The CAD-CAM 3D Printing revolution has already been put to use by all car designers and racing teams around the world for projects similar to this. The 3D printers of today can produce parts that can withstand the heat of an engine, and the chemicals inside an engine bay. Pictured here are the manifold pieces printed from a material that can withstand automotive chemicals and temperatures up to 400F. I now have the option of using these high-heat prototypes directly on a functioning engine, or to use them as molds for cast aluminum duplicates.

Crankshaft Ring: M20 Stroker Builds

As mentioned throughout this webpage, it is possible to mix and match parts from the M20 and the various M5x engine models by BMW in order to make what is called a “stroker engine.” One of the most effective ways to get more horsepower and torque out of a BMW M20 is to swap out the relatively tame 2.5L crank and pistons for a 2.7L from an ETA M20, or if you want to go the full distance, the 2.8L, 3.0L, or 3.2L crankshaft from a M50 or M52 engine.

Part of this M20 Stroker approach entails finding new connecting rods and pistons to match up with the new crankshaft. There are several kits out there that provide you with everything you will need.
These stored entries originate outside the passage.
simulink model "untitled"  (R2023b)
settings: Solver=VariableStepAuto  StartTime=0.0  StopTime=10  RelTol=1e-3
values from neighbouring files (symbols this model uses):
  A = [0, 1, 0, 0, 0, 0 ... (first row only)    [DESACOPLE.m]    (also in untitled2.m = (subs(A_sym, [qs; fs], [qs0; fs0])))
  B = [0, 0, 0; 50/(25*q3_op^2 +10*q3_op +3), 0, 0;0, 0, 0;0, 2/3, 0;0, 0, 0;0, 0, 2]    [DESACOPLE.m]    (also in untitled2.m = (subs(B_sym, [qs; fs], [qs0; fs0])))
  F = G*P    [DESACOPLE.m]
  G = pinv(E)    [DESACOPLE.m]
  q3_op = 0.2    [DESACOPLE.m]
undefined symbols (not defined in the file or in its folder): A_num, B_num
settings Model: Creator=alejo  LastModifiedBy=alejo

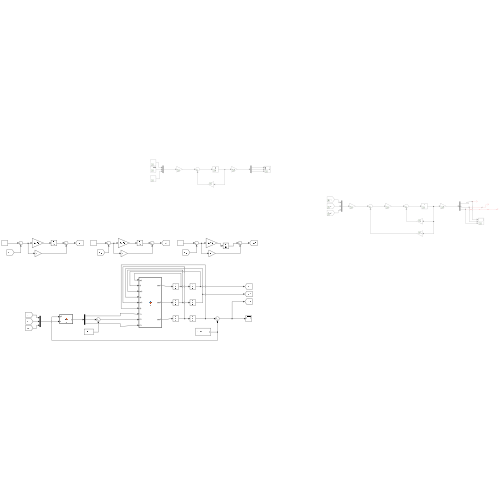
[thumbnail: Simulink's stored preview of the top-level diagram]
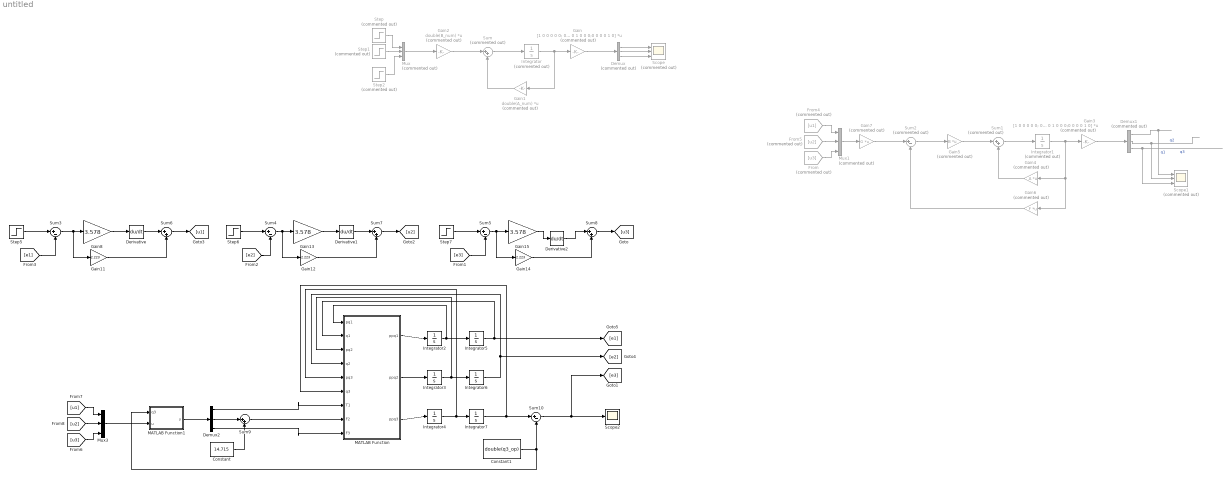
== system untitled ==
  Constant : Constant  Value=14.715
  Constant1 : Constant  Value=double(q3_op)
  Demux : Demux  Commented=on  Outputs=3
  Demux1 : Demux  Commented=on  Outputs=3
  Demux2 : Demux  Outputs=3
  Derivative : Derivative
  Derivative1 : Derivative
  Derivative2 : Derivative
  From : From  Commented=on  GotoTag=u3
  From4 : From  Commented=on  GotoTag=u1
  From5 : From  Commented=on  GotoTag=u2
  Gain : Gain  Commented=on  Gain=[1 0 0 0 0 0; 0 0 1 0 0 0;0 0 0 0 1 0]  Multiplication=Matrix(K*u)
  Gain1 : Gain  Commented=on  Gain=double(A_num)  Multiplication=Matrix(K*u)
  Gain11 : Gain  Gain=2.223
  Gain12 : Gain  Gain=2.223
  Gain13 : Gain  Gain=3.578
  Gain14 : Gain  Gain=2.223
  Gain15 : Gain  Gain=3.578
  Gain2 : Gain  Commented=on  Gain=double(B_num)  Multiplication=Matrix(K*u)
  Gain3 : Gain  Commented=on  Gain=[1 0 0 0 0 0; 0 0 1 0 0 0;0 0 0 0 1 0]  Multiplication=Matrix(K*u)
  Gain4 : Gain  Commented=on  Gain=A  Multiplication=Matrix(K*u)
  Gain5 : Gain  Commented=on  Gain=B  Multiplication=Matrix(K*u)
  Gain6 : Gain  Commented=on  Gain=F  Multiplication=Matrix(K*u)
  Gain7 : Gain  Commented=on  Gain=G  Multiplication=Matrix(K*u)
  Gain8 : Gain  Gain=3.578
  Integrator : Integrator  Commented=on
  Integrator1 : Integrator  Commented=on
  Integrator{2..7} (6 alike) : Integrator
  MATLAB Function : MATLAB Function  TreatAsAtomicUnit=on
  MATLAB Function1 : MATLAB Function  TreatAsAtomicUnit=on
  Mux : Mux  Commented=on  Inputs=3
  Mux1 : Mux  Commented=on  Inputs=3
  Mux3 : Mux  Inputs=3
  Scope : Scope  Commented=on  NumInputPorts=3
  Scope1 : Scope  Commented=on  NumInputPorts=3
  Scope2 : Scope
  Step : Step  Commented=on  SampleTime=0
  Step1 : Step  Commented=on  SampleTime=0
  Step2 : Step  Commented=on  SampleTime=0
  Step5 : Step  Time=0  After=0  SampleTime=0
  Step6 : Step  Time=0  After=0  SampleTime=0
  Step7 : Step  Time=0  SampleTime=0
  Sum : Sum  Commented=on  Inputs=|++
  Sum1 : Sum  Commented=on  Inputs=|++
  Sum{3..5,10} (4 alike) : Sum  Inputs=|+-
  Sum2 : Sum  Commented=on  Inputs=|+-
  Sum{6..9} (4 alike) : Sum  Inputs=|++
  wires:
  Step/1 -> Mux/1
  Step1/1 -> Mux/2
  Mux/1 -> Gain2/1
  Gain2/1 -> Sum/1
  Sum/1 -> Integrator/1
  Integrator/1 -> Gain1/1, Gain/1
  Gain1/1 -> Sum/2
  Gain/1 -> Demux/1
  Demux/2 -> Scope/2
  Demux/1 -> Scope/1
  Step2/1 -> Mux/3
  Demux/3 -> Scope/3
  Demux1/3 -> Scope1/3  "q3"
  Demux1/1 -> Scope1/1  "q1"
  Demux1/2 -> Scope1/2  "q2"
  Gain3/1 -> Demux1/1
  Gain4/1 -> Sum1/2
  Integrator1/1 -> Gain3/1, Gain6/1, Gain4/1
  Sum1/1 -> Integrator1/1
  Gain5/1 -> Sum1/1
  Gain7/1 -> Sum2/1
  Sum2/1 -> Gain5/1
  Gain6/1 -> Sum2/2
  Mux1/1 -> Gain7/1
  Step5/1 -> Sum3/1
  [e1] -> Sum3/2
  From4/1 -> Mux1/1
  [e2] -> Sum4/2
  Step6/1 -> Sum4/1
  Step7/1 -> Sum5/1
  [e3] -> Sum5/2
  From5/1 -> Mux1/2
  From/1 -> Mux1/3
  Gain8/1 -> Derivative/1
  Gain13/1 -> Derivative1/1
  Gain15/1 -> Derivative2/1
  Derivative/1 -> Sum6/1
  Gain11/1 -> Sum6/2
  Sum3/1 -> Gain11/1, Gain8/1
  Sum6/1 -> [u1]
  Derivative1/1 -> Sum7/1
  Derivative2/1 -> Sum8/1
  Gain14/1 -> Sum8/2
  Sum7/1 -> [u2]
  Sum4/1 -> Gain12/1, Gain13/1
  Gain12/1 -> Sum7/2
  Sum5/1 -> Gain14/1, Gain15/1
  Sum8/1 -> [u3]
  MATLAB Function/1(ppq1) -> Integrator2/1
  MATLAB Function/2(ppq2) -> Integrator3/1
  MATLAB Function/3(ppq3) -> Integrator4/1
  Integrator2/1 -> Integrator5/1, MATLAB Function/1(pq1)
  Integrator3/1 -> MATLAB Function/3(pq2), Integrator6/1
  Integrator4/1 -> MATLAB Function/5(pq3), Integrator7/1
  Integrator7/1 -> Sum10/1, MATLAB Function/6(q3)
  MATLAB Function1/1(y) -> Demux2/1
  Demux2/2 -> Sum9/1
  Constant/1 -> Sum9/2
  Demux2/1 -> MATLAB Function/7(T1)
  Demux2/3 -> MATLAB Function/9(F3)
  Sum9/1 -> MATLAB Function/8(F2)
  Constant1/1 -> Sum10/2, MATLAB Function1/1(q3)
  Integrator5/1 -> [e1], MATLAB Function/2(q1)
  [u3] -> Mux3/3
  [u2] -> Mux3/2
  [u1] -> Mux3/1
  Mux3/1 -> MATLAB Function1/2(u)
  Integrator6/1 -> [e2], MATLAB Function/4(q2)
  Sum10/1 -> Scope2/1, [e3]

== matlab function untitled/MATLAB Function1 ==
  data: q3 input; u input; y output
function y = fcn(q3, u)
G = [q3^2/2 + q3/5 + 3/50,   0,   0; 0, 3/2,   0; 0,   0, 1/2];
y = G*u;

== matlab function untitled/MATLAB Function ==
  data: pq1 input; ppq1 output; q1 input; pq2 input; q2 input; pq3 input; q3 input; T1 input; F2 input; F3 input; ppq2 output; ppq3 output
function [ppq1, ppq2, ppq3] = fcn(pq1, q1, pq2, q2, pq3, q3, T1, F2, F3)

ppq1 = (T1-pq1*q3*pq3-pq1*pq3/5)/((q3^2)/2 +q3/5 +3/50);

ppq2 = 2*F2/3 -9.81;

ppq3 = 2*F3 +(pq1^2)*q3 +(pq1^2)/5;
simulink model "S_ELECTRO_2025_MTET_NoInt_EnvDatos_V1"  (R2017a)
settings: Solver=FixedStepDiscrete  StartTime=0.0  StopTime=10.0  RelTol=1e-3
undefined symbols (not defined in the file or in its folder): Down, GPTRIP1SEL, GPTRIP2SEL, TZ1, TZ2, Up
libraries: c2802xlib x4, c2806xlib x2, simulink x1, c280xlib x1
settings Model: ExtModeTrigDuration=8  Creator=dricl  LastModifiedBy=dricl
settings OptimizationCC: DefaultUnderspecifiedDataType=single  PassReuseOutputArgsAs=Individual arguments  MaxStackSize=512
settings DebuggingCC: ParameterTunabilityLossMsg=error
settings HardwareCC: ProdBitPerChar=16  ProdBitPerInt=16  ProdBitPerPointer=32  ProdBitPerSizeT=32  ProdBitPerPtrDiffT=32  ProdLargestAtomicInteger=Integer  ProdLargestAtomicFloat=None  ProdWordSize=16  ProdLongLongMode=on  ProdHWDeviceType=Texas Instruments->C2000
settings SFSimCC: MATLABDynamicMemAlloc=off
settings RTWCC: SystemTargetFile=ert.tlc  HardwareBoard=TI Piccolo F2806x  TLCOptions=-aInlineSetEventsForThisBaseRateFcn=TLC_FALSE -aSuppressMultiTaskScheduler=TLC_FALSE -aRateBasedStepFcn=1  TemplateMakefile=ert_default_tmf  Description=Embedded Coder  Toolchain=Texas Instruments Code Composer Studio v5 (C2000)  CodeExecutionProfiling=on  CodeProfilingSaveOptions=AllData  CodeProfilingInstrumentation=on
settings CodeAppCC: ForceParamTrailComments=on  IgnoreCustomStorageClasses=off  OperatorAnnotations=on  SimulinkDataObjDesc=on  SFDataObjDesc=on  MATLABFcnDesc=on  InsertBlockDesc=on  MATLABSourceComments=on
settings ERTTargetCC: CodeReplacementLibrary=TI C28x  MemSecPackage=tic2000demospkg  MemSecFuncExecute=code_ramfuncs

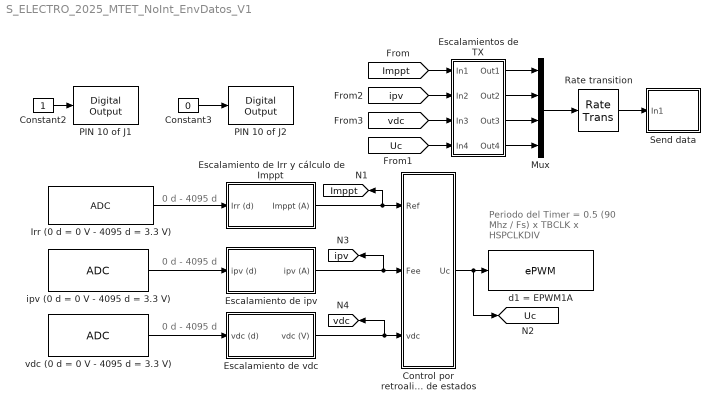
== system S_ELECTRO_2025_MTET_NoInt_EnvDatos_V1 ==
  note: 0 d - 4095 d
  note: Periodo del Timer =
      |  0.5 (90 Mhz / Fs)  x
      | TBCLK x HSPCLKDIV
  note: 0 d - 4095 d
  note: 0 d - 4095 d
  Constant2 : Constant  Priority=1  SampleTime=0.0002
  Constant3 : Constant  Priority=11  Value=0  SampleTime=0.0002
  Control por retroalimentación de estados : Subsystem  Priority=9  TreatAsAtomicUnit=on
  Escalamiento de Irr y cálculo de Imppt : Subsystem  Priority=6  TreatAsAtomicUnit=on
  Escalamiento de ipv : Subsystem  Priority=7  TreatAsAtomicUnit=on
  Escalamiento de vdc : Subsystem  Priority=8  TreatAsAtomicUnit=on
  Escalamientos de TX : Subsystem  TreatAsAtomicUnit=on
  "Irr (0 d = 0 V - 4095 d = 3.3 V) " : c2802xlib/ADC  Priority=3  ADCModule=1  samplingMode=Single sample mode  ADCResolution=12-bit (Single-ended input)  useSOC1=SOC1  useSOC2=SOC0_SOC1  SOCAcquisitionWindow=7  SOCTriggerSource=ePWM1_ADCSOCA  SOCInterruptTrigger=No ADCINT  Ts=0.0002  dType=uint16  postInterrupt=off  interruptSel=ADCINT1  ADCINTContinuous=on  endma=off  chdma=1  blkParamProc=C2000  conv1=ADCINA1  conv2=ADCINA0 and ADCINB0  conv1_Type4=ADCIN0  conv2_Type4=ADCIN0 and ADCIN1
      settings: SourceProductName=Embedded Coder Support Package for Texas Instruments C2000 Processors
  Mux : Mux
  PIN 10 of J1 : c2806xlib/Digital Output  Priority=2  GPIO_Number=GPIO32~GPIO39  GPIO_Bit0=on  GPIO_BIT0_Toggle=off  GPIO_Bit1=off  GPIO_BIT1_Toggle=off  GPIO_Bit2=off  GPIO_BIT2_Toggle=off  GPIO_Bit3=off  GPIO_BIT3_Toggle=off  GPIO_Bit4=off  GPIO_BIT4_Toggle=off  GPIO_Bit5=off  GPIO_BIT5_Toggle=off  GPIO_Bit6=off  GPIO_BIT6_Toggle=off  GPIO_Bit7=off  GPIO_BIT7_Toggle=off
      settings: SourceProductName=Embedded Coder Support Package for Texas Instruments C2000 Processors  SourceProductBaseCode=TIC2000
  PIN 10 of J2 : c2806xlib/Digital Output  Priority=12  GPIO_Number=GPIO32~GPIO39  GPIO_Bit0=on  GPIO_BIT0_Toggle=off  GPIO_Bit1=off  GPIO_BIT1_Toggle=off  GPIO_Bit2=off  GPIO_BIT2_Toggle=off  GPIO_Bit3=off  GPIO_BIT3_Toggle=off  GPIO_Bit4=off  GPIO_BIT4_Toggle=off  GPIO_Bit5=off  GPIO_BIT5_Toggle=off  GPIO_Bit6=off  GPIO_BIT6_Toggle=off  GPIO_Bit7=off  GPIO_BIT7_Toggle=off
      settings: SourceProductName=Embedded Coder Support Package for Texas Instruments C2000 Processors  SourceProductBaseCode=TIC2000
  Rate transition : RateTransition  Integrity=off  Deterministic=off  OutPortSampleTime=0.0002
  Send data : Subsystem  TreatAsAtomicUnit=on
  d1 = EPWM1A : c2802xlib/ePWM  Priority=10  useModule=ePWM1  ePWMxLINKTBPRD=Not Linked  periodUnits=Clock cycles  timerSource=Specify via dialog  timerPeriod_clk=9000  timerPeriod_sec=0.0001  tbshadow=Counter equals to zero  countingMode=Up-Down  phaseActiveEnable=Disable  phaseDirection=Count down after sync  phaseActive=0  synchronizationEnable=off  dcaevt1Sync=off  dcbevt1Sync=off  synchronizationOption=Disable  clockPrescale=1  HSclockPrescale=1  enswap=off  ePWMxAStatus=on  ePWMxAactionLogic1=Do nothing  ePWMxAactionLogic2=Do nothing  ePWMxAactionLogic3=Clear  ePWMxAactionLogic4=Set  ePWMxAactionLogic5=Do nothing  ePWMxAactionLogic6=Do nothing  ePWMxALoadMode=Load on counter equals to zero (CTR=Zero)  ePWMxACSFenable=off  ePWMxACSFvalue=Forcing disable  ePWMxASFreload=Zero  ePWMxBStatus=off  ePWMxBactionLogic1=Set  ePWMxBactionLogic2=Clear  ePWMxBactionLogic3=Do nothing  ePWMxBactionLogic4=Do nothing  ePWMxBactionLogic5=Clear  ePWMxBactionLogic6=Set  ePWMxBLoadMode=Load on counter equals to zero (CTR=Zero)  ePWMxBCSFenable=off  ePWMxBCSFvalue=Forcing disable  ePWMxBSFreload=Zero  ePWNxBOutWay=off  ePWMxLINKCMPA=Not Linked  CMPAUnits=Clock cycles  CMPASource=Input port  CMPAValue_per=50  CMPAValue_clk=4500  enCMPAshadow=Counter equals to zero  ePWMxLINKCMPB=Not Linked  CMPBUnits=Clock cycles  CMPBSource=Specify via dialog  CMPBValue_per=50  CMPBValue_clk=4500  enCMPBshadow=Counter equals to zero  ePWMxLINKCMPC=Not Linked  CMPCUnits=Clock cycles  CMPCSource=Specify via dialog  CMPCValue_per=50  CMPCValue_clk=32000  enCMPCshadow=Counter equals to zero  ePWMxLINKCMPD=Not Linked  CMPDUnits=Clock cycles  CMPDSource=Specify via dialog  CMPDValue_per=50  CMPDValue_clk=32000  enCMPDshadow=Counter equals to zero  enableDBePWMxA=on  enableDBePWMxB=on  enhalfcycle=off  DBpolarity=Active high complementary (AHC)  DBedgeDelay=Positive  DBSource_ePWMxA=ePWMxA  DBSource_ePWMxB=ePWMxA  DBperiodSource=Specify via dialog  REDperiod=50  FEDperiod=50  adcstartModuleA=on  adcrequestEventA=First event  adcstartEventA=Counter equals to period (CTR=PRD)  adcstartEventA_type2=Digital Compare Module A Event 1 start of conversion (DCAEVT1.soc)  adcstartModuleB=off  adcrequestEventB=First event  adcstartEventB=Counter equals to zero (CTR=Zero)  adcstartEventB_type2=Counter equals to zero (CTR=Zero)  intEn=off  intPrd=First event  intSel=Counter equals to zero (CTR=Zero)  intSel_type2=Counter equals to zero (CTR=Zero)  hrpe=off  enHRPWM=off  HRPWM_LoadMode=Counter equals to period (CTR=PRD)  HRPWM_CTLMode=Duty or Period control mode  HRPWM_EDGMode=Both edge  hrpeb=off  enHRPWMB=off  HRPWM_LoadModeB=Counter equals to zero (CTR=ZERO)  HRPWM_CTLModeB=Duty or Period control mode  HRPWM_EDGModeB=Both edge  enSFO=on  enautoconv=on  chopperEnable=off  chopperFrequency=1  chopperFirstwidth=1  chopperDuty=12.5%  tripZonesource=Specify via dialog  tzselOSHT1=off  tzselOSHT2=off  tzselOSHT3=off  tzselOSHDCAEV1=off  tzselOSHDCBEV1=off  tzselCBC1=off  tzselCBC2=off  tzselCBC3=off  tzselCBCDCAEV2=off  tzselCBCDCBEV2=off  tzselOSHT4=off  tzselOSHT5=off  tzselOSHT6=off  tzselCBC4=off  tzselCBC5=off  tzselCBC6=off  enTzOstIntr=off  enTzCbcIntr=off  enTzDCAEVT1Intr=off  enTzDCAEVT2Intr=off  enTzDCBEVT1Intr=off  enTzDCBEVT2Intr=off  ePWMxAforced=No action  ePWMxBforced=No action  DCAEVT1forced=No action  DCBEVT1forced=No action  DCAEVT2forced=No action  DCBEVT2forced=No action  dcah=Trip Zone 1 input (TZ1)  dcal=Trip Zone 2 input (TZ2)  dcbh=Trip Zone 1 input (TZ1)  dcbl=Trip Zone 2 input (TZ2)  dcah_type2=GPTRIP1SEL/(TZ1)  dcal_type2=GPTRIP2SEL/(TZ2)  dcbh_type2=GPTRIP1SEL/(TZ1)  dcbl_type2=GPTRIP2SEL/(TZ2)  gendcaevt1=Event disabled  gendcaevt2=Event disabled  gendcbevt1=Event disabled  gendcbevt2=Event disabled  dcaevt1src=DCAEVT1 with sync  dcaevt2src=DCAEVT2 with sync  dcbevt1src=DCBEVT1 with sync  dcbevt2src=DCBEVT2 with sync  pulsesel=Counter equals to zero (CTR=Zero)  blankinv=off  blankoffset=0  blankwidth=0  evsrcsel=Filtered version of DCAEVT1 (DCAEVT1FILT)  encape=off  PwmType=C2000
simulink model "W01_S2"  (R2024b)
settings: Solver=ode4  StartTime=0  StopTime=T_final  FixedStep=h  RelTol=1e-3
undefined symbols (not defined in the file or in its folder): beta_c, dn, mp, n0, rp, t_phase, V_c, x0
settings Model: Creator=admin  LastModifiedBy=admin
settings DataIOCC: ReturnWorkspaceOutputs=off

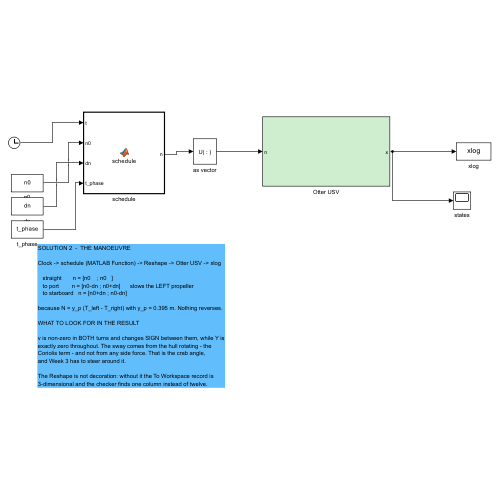
[thumbnail: Simulink's stored preview of the top-level diagram]
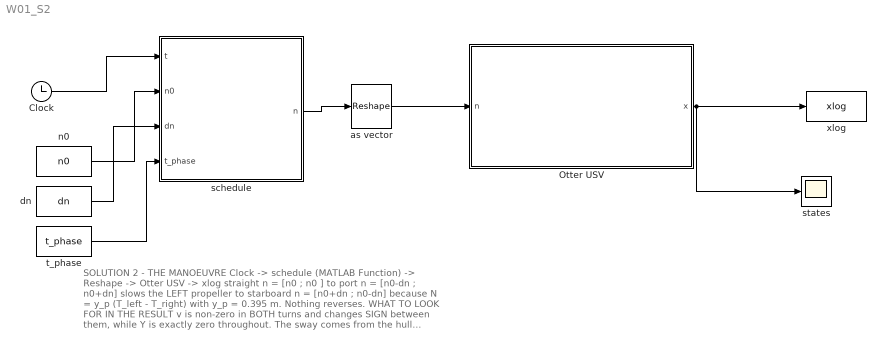
== system W01_S2 ==
  note: SOLUTION 2  -  THE MANOEUVRE
      |
      | Clock -> schedule (MATLAB Function) -> Reshape -> Otter USV -> xlog
      |
      |    straight       n = [n0    ; n0   ]
      |    to port        n = [n0-dn ; n0+dn]      slows the LEFT propeller
      |    to starboard   n = [n0+dn ; n0-dn]
      |
      | because N = y_p (T_left - T_right) with y_p = 0.395 m. Nothing reverses.
      |
      | WHAT TO LOOK FOR IN THE RESULT
      |
      | v is non-zero in BOTH turns and changes SIGN between them, while Y is
      | exactly zero throughout. The sway comes from the hull rotating - the
      | Coriolis term - and not from any side force. That is the crab angle,
      | and Week 3 has to steer around it.
      |
      | The Reshape is not decoration: without it the To Workspace record is
      | 3-dimensional and the checker finds one column instead of twelve.
  Clock : Clock
  Otter USV : Subsystem
  as vector : Reshape
  dn : Constant  Value=dn
  n0 : Constant  Value=n0
  schedule : MATLAB Function  TreatAsAtomicUnit=on
  states : Scope
  t_phase : Constant  Value=t_phase
  xlog : ToWorkspace  VariableName=xlog  SaveFormat=Structure With Time  SampleTime=-1
  wires:
  Clock/1 -> schedule/1(t)
  n0/1 -> schedule/2(n0)
  dn/1 -> schedule/3(dn)
  t_phase/1 -> schedule/4(t_phase)
  schedule/1(n) -> as vector/1
  as vector/1 -> Otter USV/1(n)
  Otter USV/1(x) -> xlog/1, states/1

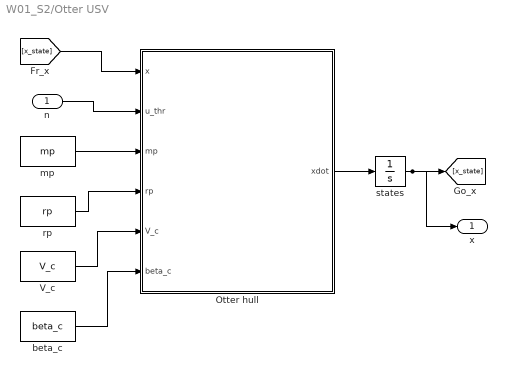
== system W01_S2/Otter USV ==
  n : Inport
  Otter hull : MATLAB Function  TreatAsAtomicUnit=on
  V_c : Constant  Value=V_c
  beta_c : Constant  Value=beta_c
  mp : Constant  Value=mp
  rp : Constant  Value=rp
  states : Integrator  InitialCondition=x0
  x : Outport
  wires:
  beta_c/1 -> Otter hull/6(beta_c)
  [x_state] -> Otter hull/1(x)
  V_c/1 -> Otter hull/5(V_c)
  n/1 -> Otter hull/2(u_thr)
  Otter hull/1(xdot) -> states/1
  mp/1 -> Otter hull/3(mp)
  rp/1 -> Otter hull/4(rp)
  states/1 -> x/1, [x_state]

== matlab function W01_S2/Otter USV/Otter hull ==
  data: x input; xdot output double size=[12 1]; u_thr input; mp input; rp input; V_c input; beta_c input
function xdot = otter_hull(x, u_thr, mp, rp, V_c, beta_c)
% Fossen's otter.m, called unchanged from Tools/MSS/VESSELS.
%
%   x       12 states, fed back from the integrator
%   u_thr   propeller shaft speeds [rad/s]
%
% otter.m is not written for code generation, so the call is extrinsic and
% xdot has to be pre-sized for Simulink to know the output width.
coder.extrinsic('otter');

xdot = zeros(12,1);
xdot = otter(x, u_thr, mp, rp, V_c, beta_c);
end

== matlab function W01_S2/schedule ==
  data: t input; n output double size=[2 1]; n0 input; dn input; t_phase input
function n = schedule(t, n0, dn, t_phase)
%#codegen
%SCHEDULE  Propeller command as a function of time.
%
%    straight -> port -> straight -> starboard -> straight
%
%  A turn is a DIFFERENCE between the two shaft speeds, because the yaw
%  moment is N = y_p (T_left - T_right). More thrust on the left turns the
%  bow to starboard, so a PORT turn slows the LEFT propeller.

nL = n0;  nR = n0;
if t >= t_phase(1) && t < t_phase(2)
    nL = n0 - dn;   nR = n0 + dn;      % port      (bow swings to -psi)
elseif t >= t_phase(3) && t < t_phase(4)
    nL = n0 + dn;   nR = n0 - dn;      % starboard (bow swings to +psi)
end
n = [nL; nR];

Otherwise, the crankshaft from an E36, an X5, an Z3, and various other perfectly matches the carriers of the M20 engine block from an E21 or E30.

The only place these more powerful crankshafts don’t perfectly fit is in the front oil seal where the timing belt pulleys go. There is a discrepancy in the width of the diameter of the crankshaft nose. The M5x crankshaft noses do not have the girth to fill the hole of the M20 oil seal. This discrepancy is relatively easy to solve if you have some basic machine shop tools, or access to a machine shop willing to do small jobs. A metal ring/collar can be machines so it perfectly fits the recommended tolerances which can be pressed onto the nose of these crankshafts. Once pressed on, and with the correct combination of connecting rods and piston rings, and HELLO HORSEPOWER!!

Will these engines be flying with those ridiculously high horsepower muscle car engines? No. But that’s not the idea behind a BMW. Keep in mind that a BMW E30 or E21 only weigh about 2400 Lbs, while a comparable muscle car weighs closer to 5000 lbs. That’s a huge weight difference for the horses to lug around. Raising the displacement from 2.5L to 3.2L in a 2400Lb car is a significant performance upgrade.